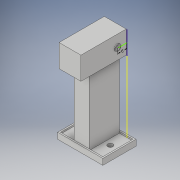
# Autodesk Inventor part: detector curvament fil
Saved by Autodesk Inventor 2019 (Build 230136000, 136)
## iProperties
Created: 2018-08-06
Part Number: detector curvament fil
Material: Genérico
Document SubType Name: Modeling
Designer: Albert Garangou Culebras
Density: 1 g/cm^3
Appearance: Valor por defecto
Mass: 54.1896 g
Surface Area: 120.446 cm^2
Volume: 54.1896 cm^3
Author: Albert Garangou Culebras
Title: suport detector curvament fil
Comments: Falta fer una possible guia per amagar el cable (dins la paret o a fora).
Autodesk Inventor part; units mm, degrees
ref_plane "YZ Plane" through (0, 0, 0) normal (1, 0, 0) x (0, 1, 0)
ref_plane "XZ Plane" through (0, 0, 0) normal (0, 1, 0) x (-1, 0, 0)
ref_plane "XY Plane" through (0, 0, 0) normal (0, 0, 1) x (1, 0, 0)
sketch "base" plane through (0, 0, 0) normal (0, 1, 0) x (-1, 0, 0)
  line L0 (0, 0) -> (0, -20)
  line L1 (0, -20) -> (10, -20)
  line L2 (10, -20) -> (10, 0)
  line L3 (10, 0) -> (0, 0)
  dimension "d186" = 20
  dimension "d187" = 10
  constraints: 8 end point, 3 perpendicular, 1 vertical
  measures "d186" distance of L0.start L0.end
  measures "d187" distance of L0.end L1.end
extrude "Extrusión29" add sketch "base" along normal blind 50
sketch "Boceto41" plane through (0, 50, 0) normal (0, 1, 0) x (1, 0, 0)
  line L0 (0, 20) -> (5, 20)
  line L1 (5, 20) -> (5, 0)
  line L2 (-10, 0) -> (0, 0) projected
  line L3 (5, 0) -> (-10, 0)
  line L4 (-10, 0) -> (-10, 20)
  line L5 (-10, 20) -> (5, 20)
  dimension "d190" = 5
  constraints: 10 end point, 2 collinear, 2 perpendicular, 1 horizontal, 1 point on line
  measures "d190" distance of L0.start L0.end
extrude "Extrusión30" add sketch "Boceto41" along normal blind 15
sketch "Boceto42" plane through (-10, 0, 0) normal (0, 0, 1) x (1, 0, 0)
  line L0 (15, 50) -> (10, 50) projected
  line L1 (15, 50) -> (0, 50)
  line L2 (0, 0) -> (0, 65) projected
  line L3 (0, 50) -> (0, 65)
  line L4 (0, 65) -> (15, 65) projected
  line L5 (0, 65) -> (15, 65)
  line L6 (15, 65) -> (15, 50)
  point P0 (10, 0)
  constraints: 8 end point, 2 perpendicular, 1 collinear, 1 horizontal
extrude "Extrusión31" add sketch "Boceto42" along normal blind 10
sketch "Boceto45" plane through (5, 50, -20) normal (1, 0, 0) x (0, 0, -1)
  line L0 (0, -50) -> (0, 15) projected
  line L1 (0, 0) -> (0, 15)
  line L2 (0, 7.5) -> (-6, 7.5)
  point P0 (-20, -50)
  dimension "d200" = 6
  constraints: 4 end point, 1 collinear, 1 horizontal, 1 midpoint
  measures "d200" distance of L2.start L2.end
hole "Agujero1" at (5, 57.5, -14) direction (-1, 0, 0) diameter 3.2 end through all
sketch "Boceto51" plane through (-10, 0, -20) normal (-1, 0, 0) x (0, 0, 1)
  circle A0 centre (6, 57.5) radius 1.6 projected
  circle A1 centre (6, 57.5) radius 1.6
  point P0 (20, 0)
  constraints: 1 centre point, 1 coincident
hole "Agujero2" at (-10, 57.5, -14) direction (1, 0, 0) diameter 3.2 depth 30 counterbore diameter 10 counterbore depth 5
sketch "Boceto52" plane through (0, 0, 0) normal (0, -1, 0) x (1, 0, 0)
  line L0 (0, 0) -> (0, -20) projected
  line L1 (10, 0) -> (10, -20)
  line L2 (-10, 0) -> (0, 0) projected
  line L3 (-20, 0) -> (-20, -20)
  line L4 (-20, -20) -> (-20, -21)
  line L5 (-20, 0) -> (-20, 1)
  line L6 (10, 0) -> (10, 1)
  line L7 (10, -20) -> (10, -21)
  line L8 (10, -21) -> (-20, -21)
  line L9 (10, 1) -> (-20, 1)
  dimension "d237" = 10
  dimension "d238" = 20
  dimension "d239" = 10
  dimension "d240" = 20
  dimension "d241" = 1
  dimension "d242" = 1
  dimension "d244" = 1
  constraints: 16 end point, 3 vertical, 1 point on line
  measures "d237" distance of L0.start L1.start
  measures "d238" distance of L1.start L1.end
  measures "d239" distance of L2.start L3.start
  measures "d240" distance of L3.start L3.end
  measures "d241" distance of L3.end L4.end
  measures "d242" distance of L3.start L5.end
  measures "d244" distance of L1.end L7.end
extrude "Extrusión36" add sketch "Boceto52" against normal blind 3
sketch "Boceto53" plane through (0, 3, 0) normal (0, 1, 0) x (1, 0, 0)
  line L0 (-20, 21) -> (-20, -1) projected
  line L1 (-19, 0) -> (-19, 20)
  line L2 (-19, 20) -> (9, 20)
  line L3 (9, 20) -> (9, 0)
  line L4 (9, 0) -> (-19, 0)
  line L5 (-20, 21) -> (-20, -1) projected
  line L6 (10, -1) -> (10, 21) projected
  line L7 (-20, -1) -> (10, -1)
  line L8 (10, -1) -> (10, 21)
  line L9 (10, 21) -> (-20, 21)
  line L10 (-20, 21) -> (-20, -1)
  point P0 (0, 0)
  dimension "d248" = 20
  dimension "d249" = 28
  dimension "d250" = 20
  constraints: 16 end point, 2 parallel, 2 perpendicular, 1 horizontal
  measures "d248" distance of L1.start L1.end
  measures "d249" distance of L1.end L2.end
  measures "d250" distance of L2.end L3.end
extrude "Extrusión37" add sketch "Boceto53" along normal blind 1
sketch "Boceto54" plane through (0, 3, 0) normal (0, 1, 0) x (1, 0, 0)
  circle A0 centre (-14, 10) radius 1.7
  circle A1 centre (4, 10) radius 1.7
  dimension "d259" = 3.4
  dimension "d261" = 3.4
  constraints: 2 centre point
  measures "d259" diameter of A0
  measures "d261" diameter of A1
extrude "Extrusión38" cut sketch "Boceto54" against normal blind 39
sketch "Boceto55" plane through (5, 50, -20) normal (1, 0, 0) x (0, 0, -1)
  line L0 (-30, 15) -> (-30, 0) projected
  line L1 (0, 15) -> (-30, 15)
  line L2 (-30, 15) -> (-30, 0)
  line L3 (-30, 0) -> (0, 0)
  line L4 (0, 0) -> (0, 15)
  circle A0 centre (-6, 7.5) radius 1.6
  circle A1 centre (-6, 7.5) radius 2.1
  point P0 (-20, -50)
  dimension "d264" = 4.2
  constraints: 8 end point, 2 centre point, 2 parallel, 1 coincident, 1 horizontal, 1 perpendicular
  measures "d264" diameter of A1
extrude "Extrusión39" cut sketch "Boceto55" against normal blind 0.5 contours L1 L4 L3 L0
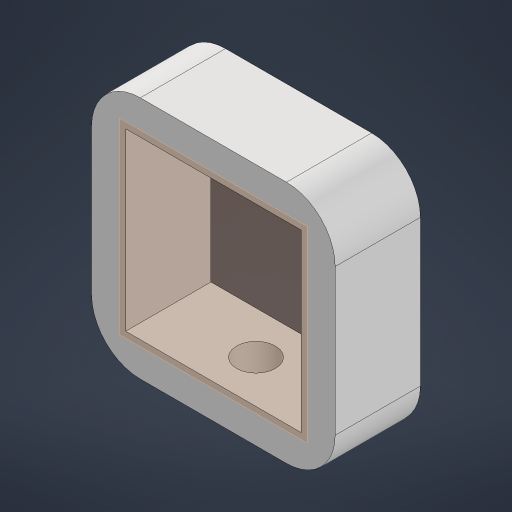
# Autodesk Inventor part: Tap_zigu
Saved by Autodesk Inventor 2024.2 (Build 282272000, 272)
## iProperties
Created: 2024-02-10
Part Number: Tap_zigu
Material: 一般
Document SubType Name: Modeling
Designer: Hanaoka
Density: 1 g/cm^3
Appearance: 既定
Author: Hanaoka
Autodesk Inventor part; units mm, degrees
ref_plane "YZ Plane" through (0, 0, 0) normal (1, 0, 0) x (0, 1, 0)
ref_plane "XZ Plane" through (0, 0, 0) normal (0, 1, 0) x (-1, 0, 0)
ref_plane "XY Plane" through (0, 0, 0) normal (0, 0, 1) x (1, 0, 0)
ref_plane "作業平面1" through (26.683, 7.3716, 0.277) normal (0, 0, 1) x (0, -1, 0)
sketch "スケッチ1" plane through (26.683, 7.3716, 0.277) normal (0, 0, 1) x (0, -1, 0)
  arc A0 (0.9652, -1.8217) -> (0.7443, -1.8564) centre (0.9303, -2.3204) ccw projected
  arc A1 (0.7443, 1.8564) -> (0.7443, -1.8564) centre (0, 0) ccw projected
  arc A2 (0.7443, 1.8564) -> (0.9652, 1.8217) centre (0.9303, 2.3204) ccw projected
  arc A3 (1.5, 1.3229) -> (0.9652, 1.8217) centre (1, 1.3229) ccw projected
  line L0 (1.5, 1.3229) -> (1.5, -1.3229) projected
  arc A4 (0.9652, -1.8217) -> (1.5, -1.3229) centre (1, -1.3229) ccw projected
  arc A5 (2, -3.5) -> (3.5, -2) centre (2, -2) ccw projected
  line L1 (3.5, -2) -> (3.5, 2) projected
  arc A6 (3.5, 2) -> (2, 3.5) centre (2, 2) ccw projected
  line L2 (2, 3.5) -> (-2, 3.5) projected
  arc A7 (-2, 3.5) -> (-3.5, 2) centre (-2, 2) ccw projected
  line L3 (-3.5, 2) -> (-3.5, -2) projected
  arc A8 (-3.5, -2) -> (-2, -3.5) centre (-2, -2) ccw projected
  line L4 (-2, -3.5) -> (2, -3.5) projected
  line L5 (5, -5) -> (-5, -5)
  line L6 (-5, -5) -> (-5, 5)
  line L7 (-5, 5) -> (5, 5)
  line L8 (5, 5) -> (5, -5)
  line L9 (5, -5) -> (-5, 5) construction
  line L10 (-5, -5) -> (5, 5) construction
  line L11 (3.6, -3.6) -> (-3.6, -3.6)
  line L12 (-3.6, -3.6) -> (-3.6, 3.6)
  line L13 (-3.6, 3.6) -> (3.6, 3.6)
  line L14 (3.6, 3.6) -> (3.6, -3.6)
  line L15 (3.6, -3.6) -> (-3.6, 3.6) construction
  line L16 (-3.6, -3.6) -> (3.6, 3.6) construction
  point P0 (7.3716, -26.683)
  dimension "d0" = 0.1
  dimension "d1" = 10
  constraints: 24 end point, 4 midpoint, 4 parallel, 3 perpendicular, 2 horizontal, 1 point on line
  measures "d0" distance between parallel lines of L3 L12
  measures "d1" distance of L5.end L6.end
extrude "押し出し1" add sketch "スケッチ1" against normal blind 3.5 contours L5 L6 L7 L8
fillet "フィレット1" radius 2 4 edges at (31.683, 12.3716, -1.473) (21.683, 12.3716, -1.473) (21.683, 2.3716, -1.473) (31.683, 2.3716, -1.473)
sketch "スケッチ3" plane through (23.683, 2.3716, 0.277) normal (0, -1, 0) x (1, 0, 0)
  line L0 (6, 0) -> (6, -3.5) projected
  line L1 (0, 0) -> (6, 0) projected
  line L2 (0, -3.5) -> (0, 0) projected
  line L3 (6, -3.5) -> (0, -3.5) projected
  line L4 (8, -3.5) -> (6, -3.5) projected
  line L5 (0, 0) -> (6, -3.5) construction
  circle A0 centre (3, -1.75) radius 0.8
  point P0 (-23.683, -0.277)
  dimension "d11" = 1.6
  constraints: 2 end point, 1 centre point, 1 coincident, 1 midpoint
  measures "d11" diameter of A0
extrude "押し出し3" cut sketch "スケッチ3" against normal blind 3.5 contours A0
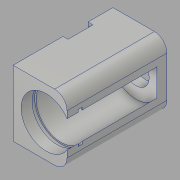
# Autodesk Inventor part: linear bearing mount
Saved by Autodesk Inventor 2017 (Build 210142000, 142)
## iProperties
Created: 2016-12-06
Part Number: linear bearing mount
Material: Aluminum 6061
Document SubType Name: Modeling
Designer: qupec
Density: 2.7 g/cm^3
Appearance: Aluminum - Flat
Mass: 2.94313 g
Surface Area: 9.3484 cm^2
Volume: 1.09005 cm^3
Author: qupec
Autodesk Inventor part; units mm, degrees
ref_plane "YZ Plane" through (0, 0, 0) normal (1, 0, 0) x (0, 1, 0)
sketch "Sketch1" plane through (0, 0, 0) normal (0, 0, 1) x (1, 0, 0)
  circle A0 centre (0, 0) radius 6.35
  line L0 (8.382, -8.382) -> (-8.382, -8.382)
  line L1 (-8.382, -8.382) -> (-8.382, 8.382)
  line L2 (-8.382, 8.382) -> (8.382, 8.382)
  line L3 (8.382, 8.382) -> (8.382, -8.382)
  dimension "d10" = 12.7
  dimension "d11" = 2.032
  dimension "d26" = 16.764
  dimension "d28" = 0
  dimension "d29" = 8.382
  dimension "d37" = 2.032
  dimension "d38" = 2.032
  dimension "d39" = 2.032
  constraints: 8 end point, 2 parallel, 1 centre point, 1 horizontal, 1 perpendicular
  measures "d10" diameter of A0
  measures "d11" distance edge to line of A0 L3
  measures "d26" distance of L1.end L2.end
  measures "d28" distance of point (0, 0) A0.centre
  measures "d29" distance from line of A0.centre L1
  measures "d37" distance edge to line of A0 L0
  measures "d38" distance edge to line of A0 L2
  measures "d39" distance edge to line of A0 L1
extrude "Extrusion2" add sketch "Sketch1" along normal blind 25.4
sketch "Sketch2" plane through (-8.382, -8.382, 0) normal (-1, 0, 0) x (0, 0, 1)
  line L0 (25.4, 14.732) -> (25.4, 2.032) projected
  line L1 (0, 2.032) -> (0, 14.732) projected
  line L2 (0, 14.732) -> (25.4, 14.732) projected
  line L3 (0, 2.032) -> (25.4, 2.032) projected
  line L4 (0, 0) -> (0, 16.764) projected
  line L5 (0, 0) -> (25.4, 0) projected
  line L6 (25.4, 16.764) -> (25.4, 0) projected
  line L7 (0, 16.764) -> (25.4, 16.764) projected
  circle A0 centre (6.35, 15.748) radius 1.4224
  circle A1 centre (6.35, 1.016) radius 1.4224
  point P0 (0, 8.382)
  dimension "d17" = 2.032
  dimension "d18" = 2.8448
  dimension "d19" = 2.8448
  dimension "d20" = 1.016
  dimension "d21" = 1.016
  dimension "d22" = 6.35
  dimension "d23" = 6.35
  constraints: 2 centre point
  measures "d17" distance between parallel lines of L2 L7
  measures "d18" diameter of A0
  measures "d19" diameter of A1
  measures "d20" distance from line of A0.centre L7
  measures "d21" distance from line of L5 A1.centre
  measures "d22" distance from line of L4 A0.centre
  measures "d23" distance from line of L4 A1.centre
extrude "Extrusion3" [suppressed]
sketch "Sketch3" plane through (0, 0, 0) normal (0, 0, -1) x (-1, 0, 0)
  circle A0 centre (0, 0) radius 3.3655
  circle A1 centre (0, 0) radius 6.35 projected
  dimension "d30" = 6.731
  constraints: 1 centre point, 1 coincident
  measures "d30" diameter of A0
extrude "Extrusion4" add sketch "Sketch3" against normal blind 2.54
ref_plane "Work Plane1" through (0, 0, 21.59) normal (0, 0, 1) x (1, 0, 0)
sketch "Sketch4" plane through (0, 0, 21.59) normal (0, 0, 1) x (1, 0, 0)
  circle A0 centre (0, 0) radius 6.35 projected
  circle A1 centre (0, 0) radius 6.7056
  dimension "d34" = 0.3556
  constraints: 1 centre point, 1 coincident
  measures "d34" radial gap between concentric circles of A0 A1
extrude "Extrusion5" cut sketch "Sketch4" along normal blind 1.016
sketch "Sketch5" plane through (-8.382, -8.382, 0) normal (-1, 0, 0) x (0, 0, 1)
  line L0 (0, 0) -> (0, 16.764) projected
  line L1 (0, 0) -> (25.4, 0) projected
  line L2 (25.4, 16.764) -> (25.4, 0) projected
  line L3 (0, 16.764) -> (25.4, 16.764) projected
  line L4 (25.4, 14.732) -> (25.4, 2.032) projected
  line L5 (21.59, 2.032) -> (21.59, 14.732) projected
  line L6 (2.54, 14.732) -> (2.54, 2.032) projected
  line L7 (0, 16.764) -> (25.4, 16.764) projected
  line L8 (6.35, 0) -> (12.7, 0)
  line L9 (12.7, 0) -> (12.7, 16.764)
  line L10 (12.7, 16.764) -> (6.35, 16.764)
  line L11 (6.35, 16.764) -> (6.35, 0)
  point P0 (0, 8.382)
  dimension "d40" = 6.35
  dimension "d41" = 6.35
  constraints: 8 end point, 2 parallel, 1 horizontal, 1 midpoint, 1 perpendicular, 1 point on line
  measures "d40" distance between parallel lines of L11 L9
  measures "d41" distance between parallel lines of L0 L11
ref_plane "Work Plane2" through (-6.35, 0, 0) normal (-1, 0, 0) x (0, -1, 0)
extrude "Extrusion6" cut sketch "Sketch5" against normal blind 1.27 contours L11 L3 L9 L1
sketch "Sketch7" plane through (0, 0, 0) normal (0, 0, -1) x (-1, 0, 0)
  line L0 (7.112, -8.382) -> (7.112, 8.382) projected
  line L1 (7.112, 8.382) -> (7.112, -8.382) projected
  point P0 (0, 0)
  dimension "d46" = 7.112
  measures "d46" distance from line of L0 point (0, 0)
sketch "Sketch8" plane through (0, 0, 25.4) normal (0, 0, 1) x (1, 0, 0)
  circle A0 centre (0, 0) radius 6.35 projected
  circle A1 centre (0, 0) radius 6.7056 projected
  circle A2 centre (0, 0) radius 6.7056 projected
  line L0 (8.382, -8.382) -> (-8.382, -8.382) projected
  line L1 (-8.382, 8.382) -> (8.382, 8.382) projected
  line L2 (8.382, 8.382) -> (8.382, -8.382) projected
  line L3 (5.334, 8.382) -> (8.382, 8.382)
  line L4 (8.382, 8.382) -> (8.382, -8.382)
  line L5 (8.382, -8.382) -> (5.334, -8.382)
  line L6 (5.334, -8.382) -> (5.334, 8.382)
  point P0 (5.207, -8.382)
  point P1 (5.207, -8.382)
  point P2 (-5.207, -8.382)
  dimension "d50" = 3.048
  constraints: 8 end point, 2 parallel, 2 point on line, 1 horizontal, 1 perpendicular
  measures "d50" distance between parallel lines of L2 L6
extrude "Extrusion8" cut sketch "Sketch8" against normal through all contours A0 L6 | A0 L6 A1 | L6 L1 L2 L0 A1 picked at (5.5198, -0.7897) picked at (6.4961, 0.8835)
fillet "Fillet3" radius 3.175 2 edges at (5.334, -8.382, 12.7) (5.334, 8.382, 12.7)
equation "\"d37\" = d11"
equation "\"d38\" = d11"
equation "\"d39\" = d11"
equation "\"d20\" = 0.5 * d17"
equation "\"d21\" = d20"
equation "\"d23\" = d22"
body "Solid2"
________________
### EXERCISE PROMPT:
From the listing above, the lines starting with the one that has "constraints: 8 end point, 2 parallel, 1 horizontal, 1" and running through the one that has "line L0 (7.112, -8.382)" should be copied exactly, ends included.

### TASK SOLUTION:
  constraints: 8 end point, 2 parallel, 1 horizontal, 1 midpoint, 1 perpendicular, 1 point on line
  measures "d40" distance between parallel lines of L11 L9
  measures "d41" distance between parallel lines of L0 L11
ref_plane "Work Plane2" through (-6.35, 0, 0) normal (-1, 0, 0) x (0, -1, 0)
extrude "Extrusion6" cut sketch "Sketch5" against normal blind 1.27 contours L11 L3 L9 L1
sketch "Sketch7" plane through (0, 0, 0) normal (0, 0, -1) x (-1, 0, 0)
  line L0 (7.112, -8.382) -> (7.112, 8.382) projected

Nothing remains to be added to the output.